EXERCISE INSTRUCTIONS :: Starting at the first line of the entries below, please return exactly each line up to and including the one with "mat_material.line_color = (0.0, 0.0, 0.0, 1.0)"; pictures stay out.

━━━ RECORD EXTRACTS

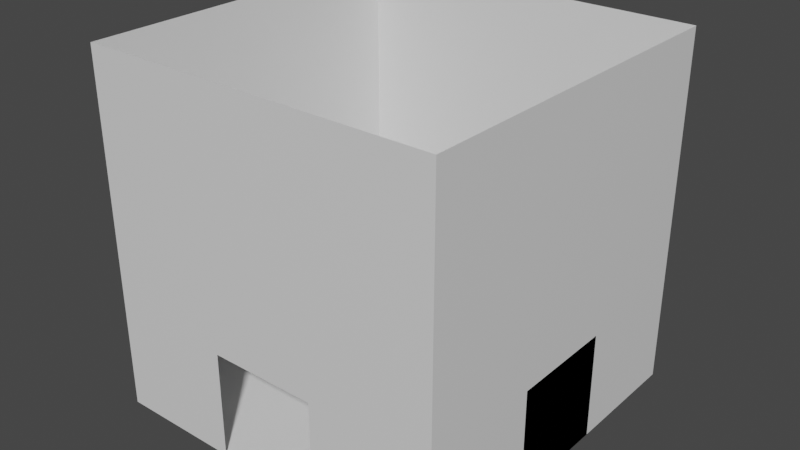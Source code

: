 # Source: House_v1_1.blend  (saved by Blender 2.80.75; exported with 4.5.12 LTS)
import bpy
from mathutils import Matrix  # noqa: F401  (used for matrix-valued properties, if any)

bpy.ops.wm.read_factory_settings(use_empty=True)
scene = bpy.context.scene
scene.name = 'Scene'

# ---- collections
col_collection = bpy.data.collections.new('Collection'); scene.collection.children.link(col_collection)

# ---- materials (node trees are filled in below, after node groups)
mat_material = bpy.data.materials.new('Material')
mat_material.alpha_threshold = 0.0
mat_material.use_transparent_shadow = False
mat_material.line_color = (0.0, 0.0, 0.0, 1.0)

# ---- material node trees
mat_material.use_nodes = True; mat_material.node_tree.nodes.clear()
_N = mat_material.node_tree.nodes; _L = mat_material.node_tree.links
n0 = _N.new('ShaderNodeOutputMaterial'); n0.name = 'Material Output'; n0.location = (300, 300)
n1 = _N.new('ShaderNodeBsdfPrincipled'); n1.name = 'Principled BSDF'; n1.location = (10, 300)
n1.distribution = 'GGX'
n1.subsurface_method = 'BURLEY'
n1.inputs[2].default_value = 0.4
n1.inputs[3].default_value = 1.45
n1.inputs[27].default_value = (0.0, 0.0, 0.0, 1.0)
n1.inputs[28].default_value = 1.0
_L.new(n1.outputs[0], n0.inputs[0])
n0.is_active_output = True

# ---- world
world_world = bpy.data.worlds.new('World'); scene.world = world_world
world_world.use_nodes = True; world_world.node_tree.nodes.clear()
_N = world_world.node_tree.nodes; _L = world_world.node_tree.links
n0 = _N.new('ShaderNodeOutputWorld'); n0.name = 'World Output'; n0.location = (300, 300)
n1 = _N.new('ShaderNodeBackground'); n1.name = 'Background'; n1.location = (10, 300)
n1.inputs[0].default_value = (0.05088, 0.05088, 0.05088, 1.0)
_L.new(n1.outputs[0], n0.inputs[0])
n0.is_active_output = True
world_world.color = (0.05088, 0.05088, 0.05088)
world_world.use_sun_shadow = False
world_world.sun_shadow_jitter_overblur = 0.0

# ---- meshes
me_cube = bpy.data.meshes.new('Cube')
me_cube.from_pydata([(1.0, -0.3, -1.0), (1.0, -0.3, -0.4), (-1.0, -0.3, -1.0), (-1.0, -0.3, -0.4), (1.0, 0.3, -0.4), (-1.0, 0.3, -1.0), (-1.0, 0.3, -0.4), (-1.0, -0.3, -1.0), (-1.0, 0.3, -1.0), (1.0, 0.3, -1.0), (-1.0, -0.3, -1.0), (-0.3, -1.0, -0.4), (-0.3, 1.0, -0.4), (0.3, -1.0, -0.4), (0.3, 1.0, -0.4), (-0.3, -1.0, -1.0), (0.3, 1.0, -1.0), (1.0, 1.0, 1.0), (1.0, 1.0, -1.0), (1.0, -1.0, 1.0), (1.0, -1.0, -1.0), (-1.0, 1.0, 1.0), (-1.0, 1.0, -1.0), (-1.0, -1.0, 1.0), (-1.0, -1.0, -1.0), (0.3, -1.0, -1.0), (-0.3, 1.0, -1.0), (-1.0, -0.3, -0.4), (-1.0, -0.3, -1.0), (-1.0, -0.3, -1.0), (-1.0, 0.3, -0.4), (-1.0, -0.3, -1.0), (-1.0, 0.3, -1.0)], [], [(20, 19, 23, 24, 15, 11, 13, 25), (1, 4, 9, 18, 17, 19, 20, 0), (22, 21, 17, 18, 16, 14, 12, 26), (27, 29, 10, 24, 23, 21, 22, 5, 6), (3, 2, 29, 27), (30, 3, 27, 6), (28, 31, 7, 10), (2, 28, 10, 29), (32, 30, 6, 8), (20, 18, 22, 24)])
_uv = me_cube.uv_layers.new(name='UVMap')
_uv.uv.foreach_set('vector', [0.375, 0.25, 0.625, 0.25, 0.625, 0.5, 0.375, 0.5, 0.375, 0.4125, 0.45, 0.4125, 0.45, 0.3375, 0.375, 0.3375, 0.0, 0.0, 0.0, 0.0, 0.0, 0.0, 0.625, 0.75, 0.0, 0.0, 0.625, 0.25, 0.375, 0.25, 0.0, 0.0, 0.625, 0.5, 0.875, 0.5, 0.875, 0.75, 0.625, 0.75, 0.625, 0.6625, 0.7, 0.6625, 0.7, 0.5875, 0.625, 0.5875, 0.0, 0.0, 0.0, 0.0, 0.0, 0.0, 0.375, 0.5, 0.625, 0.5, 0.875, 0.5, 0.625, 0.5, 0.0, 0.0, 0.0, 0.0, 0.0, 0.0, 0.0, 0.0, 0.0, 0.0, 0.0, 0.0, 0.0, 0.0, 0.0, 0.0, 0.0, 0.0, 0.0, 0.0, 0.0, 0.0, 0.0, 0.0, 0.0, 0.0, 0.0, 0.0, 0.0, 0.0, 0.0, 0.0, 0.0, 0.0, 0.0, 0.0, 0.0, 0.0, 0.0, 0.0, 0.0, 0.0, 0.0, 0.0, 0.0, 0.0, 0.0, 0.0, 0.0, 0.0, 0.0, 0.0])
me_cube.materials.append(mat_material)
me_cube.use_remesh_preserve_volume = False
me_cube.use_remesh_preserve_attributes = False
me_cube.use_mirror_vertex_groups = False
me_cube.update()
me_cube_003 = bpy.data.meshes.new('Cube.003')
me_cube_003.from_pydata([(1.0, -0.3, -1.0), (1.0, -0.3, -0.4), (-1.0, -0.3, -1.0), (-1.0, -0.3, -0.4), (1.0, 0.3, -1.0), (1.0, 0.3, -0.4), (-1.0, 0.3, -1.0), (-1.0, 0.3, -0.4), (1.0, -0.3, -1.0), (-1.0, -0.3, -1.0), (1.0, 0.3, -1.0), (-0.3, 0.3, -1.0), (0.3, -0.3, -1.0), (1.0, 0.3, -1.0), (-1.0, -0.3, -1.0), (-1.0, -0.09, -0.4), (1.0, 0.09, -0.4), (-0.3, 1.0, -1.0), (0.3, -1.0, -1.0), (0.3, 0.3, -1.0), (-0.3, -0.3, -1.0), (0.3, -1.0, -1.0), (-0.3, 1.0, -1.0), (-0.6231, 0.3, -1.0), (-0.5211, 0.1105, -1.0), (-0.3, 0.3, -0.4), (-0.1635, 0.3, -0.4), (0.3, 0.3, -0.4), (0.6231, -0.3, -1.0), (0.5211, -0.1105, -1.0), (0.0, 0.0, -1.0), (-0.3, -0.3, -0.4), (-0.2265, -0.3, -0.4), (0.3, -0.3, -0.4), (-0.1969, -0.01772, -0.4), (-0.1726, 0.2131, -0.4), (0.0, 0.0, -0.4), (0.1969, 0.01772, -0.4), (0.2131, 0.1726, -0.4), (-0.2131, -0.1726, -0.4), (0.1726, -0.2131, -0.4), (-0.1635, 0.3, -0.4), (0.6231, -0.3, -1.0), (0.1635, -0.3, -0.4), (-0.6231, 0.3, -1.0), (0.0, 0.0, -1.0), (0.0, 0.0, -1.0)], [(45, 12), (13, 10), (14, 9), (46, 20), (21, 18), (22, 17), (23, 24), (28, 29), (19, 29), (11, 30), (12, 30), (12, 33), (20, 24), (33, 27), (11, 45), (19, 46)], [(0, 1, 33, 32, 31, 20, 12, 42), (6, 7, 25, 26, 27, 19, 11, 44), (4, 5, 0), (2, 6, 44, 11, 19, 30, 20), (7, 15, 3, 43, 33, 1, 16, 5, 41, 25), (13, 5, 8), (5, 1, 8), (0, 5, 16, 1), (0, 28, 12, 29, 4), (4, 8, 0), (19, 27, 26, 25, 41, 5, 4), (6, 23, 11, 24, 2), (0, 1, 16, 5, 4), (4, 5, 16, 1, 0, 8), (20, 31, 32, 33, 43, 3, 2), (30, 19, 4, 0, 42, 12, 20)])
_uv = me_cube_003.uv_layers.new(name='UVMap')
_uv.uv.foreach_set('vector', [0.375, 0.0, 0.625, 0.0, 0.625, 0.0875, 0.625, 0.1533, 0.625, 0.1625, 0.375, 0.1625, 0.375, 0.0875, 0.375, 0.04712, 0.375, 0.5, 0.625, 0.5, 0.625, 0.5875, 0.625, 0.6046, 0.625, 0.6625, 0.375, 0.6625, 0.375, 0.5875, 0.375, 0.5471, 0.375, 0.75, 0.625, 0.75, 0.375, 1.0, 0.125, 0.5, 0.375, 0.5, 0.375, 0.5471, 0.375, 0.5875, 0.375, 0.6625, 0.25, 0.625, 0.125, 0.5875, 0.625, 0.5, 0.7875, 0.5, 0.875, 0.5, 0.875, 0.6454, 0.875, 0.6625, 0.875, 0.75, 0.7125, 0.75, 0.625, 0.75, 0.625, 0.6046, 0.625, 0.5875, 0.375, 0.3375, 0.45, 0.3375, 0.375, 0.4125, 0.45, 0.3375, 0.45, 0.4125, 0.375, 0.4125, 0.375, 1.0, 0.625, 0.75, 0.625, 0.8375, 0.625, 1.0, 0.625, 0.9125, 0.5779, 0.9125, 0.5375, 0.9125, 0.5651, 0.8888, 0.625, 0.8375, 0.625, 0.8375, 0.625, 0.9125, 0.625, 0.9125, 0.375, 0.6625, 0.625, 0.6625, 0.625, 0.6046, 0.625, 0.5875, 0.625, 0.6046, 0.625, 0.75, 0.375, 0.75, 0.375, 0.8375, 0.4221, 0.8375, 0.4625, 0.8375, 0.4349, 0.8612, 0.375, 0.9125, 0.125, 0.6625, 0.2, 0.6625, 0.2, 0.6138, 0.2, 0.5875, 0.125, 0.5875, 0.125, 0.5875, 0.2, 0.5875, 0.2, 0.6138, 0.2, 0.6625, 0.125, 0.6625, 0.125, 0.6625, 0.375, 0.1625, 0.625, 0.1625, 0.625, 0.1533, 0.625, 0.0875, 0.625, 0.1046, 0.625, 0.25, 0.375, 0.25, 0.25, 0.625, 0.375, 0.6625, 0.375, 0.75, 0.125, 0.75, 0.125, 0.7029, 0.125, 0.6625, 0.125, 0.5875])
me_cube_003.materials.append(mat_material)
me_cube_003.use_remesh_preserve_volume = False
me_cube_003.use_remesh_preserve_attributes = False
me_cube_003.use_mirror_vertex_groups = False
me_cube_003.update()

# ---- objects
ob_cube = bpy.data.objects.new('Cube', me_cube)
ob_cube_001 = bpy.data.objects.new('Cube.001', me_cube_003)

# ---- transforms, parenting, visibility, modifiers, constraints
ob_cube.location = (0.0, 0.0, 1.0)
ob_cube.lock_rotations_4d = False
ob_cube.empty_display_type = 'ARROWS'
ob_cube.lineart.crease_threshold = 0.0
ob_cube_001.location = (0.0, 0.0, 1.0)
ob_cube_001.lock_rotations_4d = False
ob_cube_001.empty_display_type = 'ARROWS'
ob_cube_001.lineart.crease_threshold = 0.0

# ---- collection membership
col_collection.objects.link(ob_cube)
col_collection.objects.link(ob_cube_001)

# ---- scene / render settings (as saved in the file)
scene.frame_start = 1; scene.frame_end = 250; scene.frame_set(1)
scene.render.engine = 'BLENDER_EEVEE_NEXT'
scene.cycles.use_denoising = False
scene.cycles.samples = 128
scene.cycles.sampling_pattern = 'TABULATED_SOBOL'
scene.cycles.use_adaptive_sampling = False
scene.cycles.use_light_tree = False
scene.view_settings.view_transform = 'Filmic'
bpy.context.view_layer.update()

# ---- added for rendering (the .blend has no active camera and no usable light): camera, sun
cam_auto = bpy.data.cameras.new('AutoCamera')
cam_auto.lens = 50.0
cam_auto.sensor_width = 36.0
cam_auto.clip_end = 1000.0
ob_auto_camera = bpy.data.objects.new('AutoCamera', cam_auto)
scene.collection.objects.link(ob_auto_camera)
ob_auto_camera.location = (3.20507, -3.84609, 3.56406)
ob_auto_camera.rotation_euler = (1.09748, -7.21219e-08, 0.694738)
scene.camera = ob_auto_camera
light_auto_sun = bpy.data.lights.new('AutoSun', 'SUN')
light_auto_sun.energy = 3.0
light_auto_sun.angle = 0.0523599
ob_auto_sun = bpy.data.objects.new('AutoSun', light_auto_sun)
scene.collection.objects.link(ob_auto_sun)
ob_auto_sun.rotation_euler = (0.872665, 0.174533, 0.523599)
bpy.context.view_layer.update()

━━━━━━

RESPONSE BELOW ::
Source code

: # Source: House_v1_1.blend  (saved by Blender 2.80.75; exported with 4.5.12 LTS)
import bpy
from mathutils import Matrix  # noqa: F401  (used for matrix-valued properties, if any)

bpy.ops.wm.read_factory_settings(use_empty=True)
scene = bpy.context.scene
scene.name = 'Scene'

# ---- collections
col_collection = bpy.data.collections.new('Collection'); scene.collection.children.link(col_collection)

# ---- materials (node trees are filled in below, after node groups)
mat_material = bpy.data.materials.new('Material')
mat_material.alpha_threshold = 0.0
mat_material.use_transparent_shadow = False
mat_material.line_color = (0.0, 0.0, 0.0, 1.0)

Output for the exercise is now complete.